Eppure c'erano fuori i campi con l'erba da brucare.
La risposta degli agricoltori intervistati? "Gli animali si stancano a gironzolare, stanno meglio qui a riposo". E intanto con il "biologico" si cuccano gli aiuti economici dell'Europa (ma che razza di Europa!).
Insomma, piuttosto che procedere alla identificazione degli animali, vorrei che si procedesse alla identificazioni di queste facce da .....
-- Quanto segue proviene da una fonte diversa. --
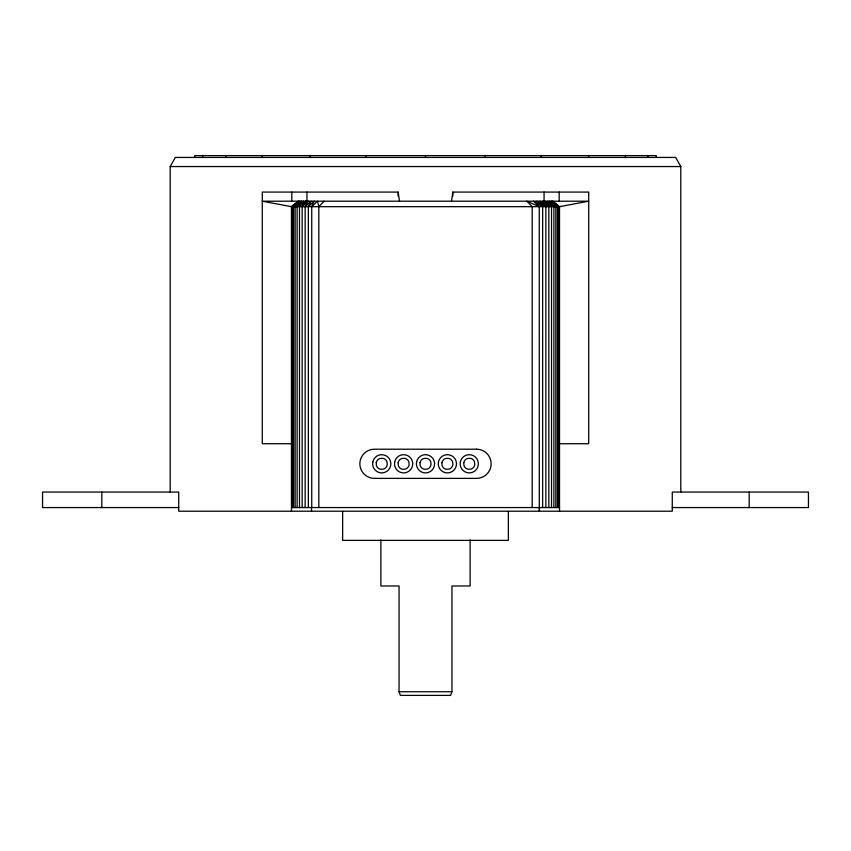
<?xml version="1.0" encoding="UTF-8"?>
<svg xmlns="http://www.w3.org/2000/svg" width="851" height="851" viewBox="0 0 851 851"><rect width="100%" height="100%" fill="white"/><g stroke="black" fill="none" stroke-linecap="round" stroke-linejoin="round"><path stroke-width="1.28" d="M451.487 201.198L452.849 192.081L588.711 192.081L588.711 443.733L559.533 443.733M470.135 539.874L470.135 585.977L451.945 585.977L451.945 691.746L450.615 695.384L400.385 695.384L399.055 691.746L399.055 585.977L380.865 585.977L380.865 539.874M311.743 507.558L311.743 206.676L314.21 201.198L308.349 206.676L308.349 507.558M308.349 206.676L311.158 201.198L305.147 206.676L305.147 507.558M170.2 492.059L170.2 166.551L175.306 157.435L675.694 157.435L680.8 166.551L680.8 492.059M305.147 206.676L308.339 201.198L302.169 206.676L302.169 507.558M302.169 206.676L305.775 201.198L297.116 206.676L297.116 507.558M318.817 507.558L318.817 206.676L324.157 201.198M311.743 206.676L317.434 201.198L318.817 206.676M305.775 201.198L299.478 206.676L299.478 507.558M297.116 206.676L303.541 201.198L295.137 206.676L295.137 507.558M295.137 206.676L301.648 201.198L293.552 206.676L293.552 507.558M293.552 206.676L300.148 201.198L292.404 206.676L292.404 507.558M292.404 206.676L299.052 201.198L291.467 206.676L262.289 201.198L588.711 201.198L559.533 206.676L291.467 206.676L291.467 511.206M291.467 206.676L298.169 201.198M170.2 166.551L680.8 166.551M399.513 201.198L398.151 192.081L262.289 192.081L262.289 443.733L291.467 443.733M178.721 507.558L42.55 507.558L42.55 492.059L178.721 492.059L178.721 511.206L672.279 511.206L672.279 492.059L808.45 492.059L808.45 507.558L672.279 507.558M291.467 507.558L559.533 507.558M399.055 691.746L451.945 691.746M539.311 511.206L539.257 206.676L526.843 201.198L532.183 206.676L532.183 507.558M545.853 507.558L545.853 206.676L536.79 201.198L542.651 206.676L542.651 507.558M542.651 206.676L533.566 201.198L539.257 206.676M548.831 507.558L548.831 206.676L539.842 201.198L545.853 206.676M558.596 507.558L558.596 206.676L551.948 201.198L557.448 206.676L557.448 507.558M557.448 206.676L550.852 201.198L555.863 206.676L555.863 507.558M555.863 206.676L549.352 201.198L553.884 206.676L553.884 507.558M553.884 206.676L547.459 201.198L551.522 206.676L551.522 507.558M545.225 201.198L551.522 206.676L542.661 201.198L548.831 206.676M558.596 206.676L552.831 201.198L559.533 206.676L559.533 511.206M749.188 492.059L749.188 507.558M656.281 157.435L656.281 155.616L194.719 155.616L194.719 157.435M648.419 155.616L648.419 157.435M648.26 155.616L648.26 157.435M625.357 155.616L625.357 157.435M588.69 155.616L588.69 157.435M559.192 192.081L559.192 201.198M544.055 192.081L544.055 201.198M540.896 155.616L540.896 157.435M539.47 507.558L539.47 511.206M508.366 511.504L508.366 540.385L342.634 540.385L342.634 511.504M485.23 155.616L485.23 157.435M452.849 192.081L452.849 195.985M425.5 155.616L425.5 157.435M398.151 192.081L398.151 195.985M365.77 155.616L365.77 157.435M311.53 507.558L311.53 511.206M310.104 155.616L310.104 157.435M306.945 192.081L306.945 201.198M291.808 192.081L291.808 201.198M262.31 155.616L262.31 157.435M225.643 155.616L225.643 157.435M202.581 155.616L202.74 157.435M101.812 492.059L101.812 507.558M372.802 461.944L372.632 464.316A9.116 9.116 0 0 0 379.886 472.72L382.259 472.901A9.116 9.116 0 0 0 390.662 465.646L390.832 463.274A9.116 9.116 0 0 0 383.588 454.87L381.216 454.689A9.116 9.116 0 0 0 372.802 461.944M376.248 462.657L376.419 465.55A5.595 5.595 0 0 0 380.599 469.273L383.493 469.114A5.595 5.595 0 0 0 387.216 464.933L387.045 462.04A5.595 5.595 0 0 0 382.876 458.317L379.982 458.476A5.595 5.595 0 0 0 376.248 462.657M394.694 461.944L394.513 464.316A9.116 9.116 0 0 0 401.768 472.72L404.14 472.901A9.116 9.116 0 0 0 412.544 465.646L412.724 463.274A9.116 9.116 0 0 0 405.47 454.87L403.097 454.689A9.116 9.116 0 0 0 394.694 461.944M398.14 462.657L398.3 465.55A5.595 5.595 0 0 0 402.48 469.273L405.374 469.114A5.595 5.595 0 0 0 409.097 464.933L408.937 462.04A5.595 5.595 0 0 0 404.757 458.317L401.863 458.476A5.595 5.595 0 0 0 398.14 462.657M416.575 461.944L416.394 464.316A9.116 9.116 0 0 0 423.649 472.72L426.021 472.901A9.116 9.116 0 0 0 434.425 465.646L434.606 463.274A9.116 9.116 0 0 0 427.351 454.87L424.979 454.689A9.116 9.116 0 0 0 416.575 461.944M420.022 462.657L420.181 465.55A5.595 5.595 0 0 0 424.362 469.273L427.255 469.114A5.595 5.595 0 0 0 430.978 464.933L430.819 462.04A5.595 5.595 0 0 0 426.638 458.317L423.745 458.476A5.595 5.595 0 0 0 420.022 462.657M438.456 461.944L438.276 464.316A9.116 9.116 0 0 0 445.53 472.72L447.903 472.901A9.116 9.116 0 0 0 456.306 465.646L456.487 463.274A9.116 9.116 0 0 0 449.232 454.87L446.86 454.689A9.116 9.116 0 0 0 438.456 461.944M441.903 462.657L442.063 465.55A5.595 5.595 0 0 0 446.243 469.273L449.137 469.114A5.595 5.595 0 0 0 452.86 464.933L452.7 462.04A5.595 5.595 0 0 0 448.52 458.317L445.626 458.476A5.595 5.595 0 0 0 441.903 462.657M460.338 461.944L460.168 464.316A9.116 9.116 0 0 0 467.412 472.72L469.784 472.901A9.116 9.116 0 0 0 478.198 465.646L478.368 463.274A9.116 9.116 0 0 0 471.114 454.87L468.741 454.689A9.116 9.116 0 0 0 460.338 461.944M463.784 462.657L463.955 465.55A5.595 5.595 0 0 0 468.124 469.273L471.018 469.114A5.595 5.595 0 0 0 474.752 464.933L474.581 462.04A5.595 5.595 0 0 0 470.401 458.317L467.507 458.476A5.595 5.595 0 0 0 463.784 462.657M476.56 449.211L374.44 449.211A14.584 14.584 0 0 0 359.856 463.795A14.584 14.584 0 0 0 374.44 478.379L476.56 478.379A14.584 14.584 0 0 0 491.144 463.795A14.584 14.584 0 0 0 476.56 449.211"/></g></svg>

Capisco che da millenni si mangia carne.
Ma un conto è seguire una tradizione, sia pure arcaica e non certo benevola, ma che almeno lascia campare gli animali in pace fino al giorno del nostro "banchetto", un altro è aprire milioni di campi di "concentramento" per animali allevati e sfruttati, ora pure identificati con tanto di scheda, come giustamente si fa anche per i "carcerati", per vedere se "rendono" bene alle tasche degli allevatori, e magari selezionare meglio quelli da mandare in anticipo ai "Forni crepatori".
Insomma, alla crudeltà anche la beffa tecnologico-informatica.
Ma finiamola con questo assurdo sfruttamento della natura ai fini del profitto.
Non ci basta il metano che questi poveri animali emettono per campare a milioni, per ingrassare con gli ormoni, per fare una vita grama, e per finire a decorare gli scaffali dei supermercati?
E non ci basta tutto il grano, granoturco e altri vegetali per allevarli così crudelmente, quando con 10 chili di vegetali si alimenta solo un chilo a malapena di carne? E anche meno?
Mentre invece con quei dieci chili di vegetali si darebbe da mangiare a molta più gente che con un solo chilo di carne?
Ma allora, se così fosse, dove starebbe il guadagno?
Dove starebbe il profitto?
Ecco, è tutto qui.
E intanto facciamo anche il riconoscimento facciale agli animali.
E quando agli insetti, alle zanzare?
E quando ai pesci nel mare?
E quando ai semi, alle foglie, ai fiori, agli alberi?
E quando alle molecole, agli atomi, ai quark, alle stringhe?
Insomma, dov'è il limite umanamente "sensato" a questi assurdi estremi?
Commento # 2 di: omerook pubblicato il 24 Ottobre 2018, 08:07
Una porzione a settimana per 7 miliardi fa tanta roba. I carnivori indignati non si possono sentire
Commento # 3 di: CYRANO pubblicato il 24 Ottobre 2018, 08:07
Software di riconoscimento facciale degli animali in un'azienda produttrice di mortadelle, animali ritenuti idonei : maiale, asino, cavallo, mulo, cane, gatto, pollo, tacchino, piccione, gabbiano, ratto,nutria.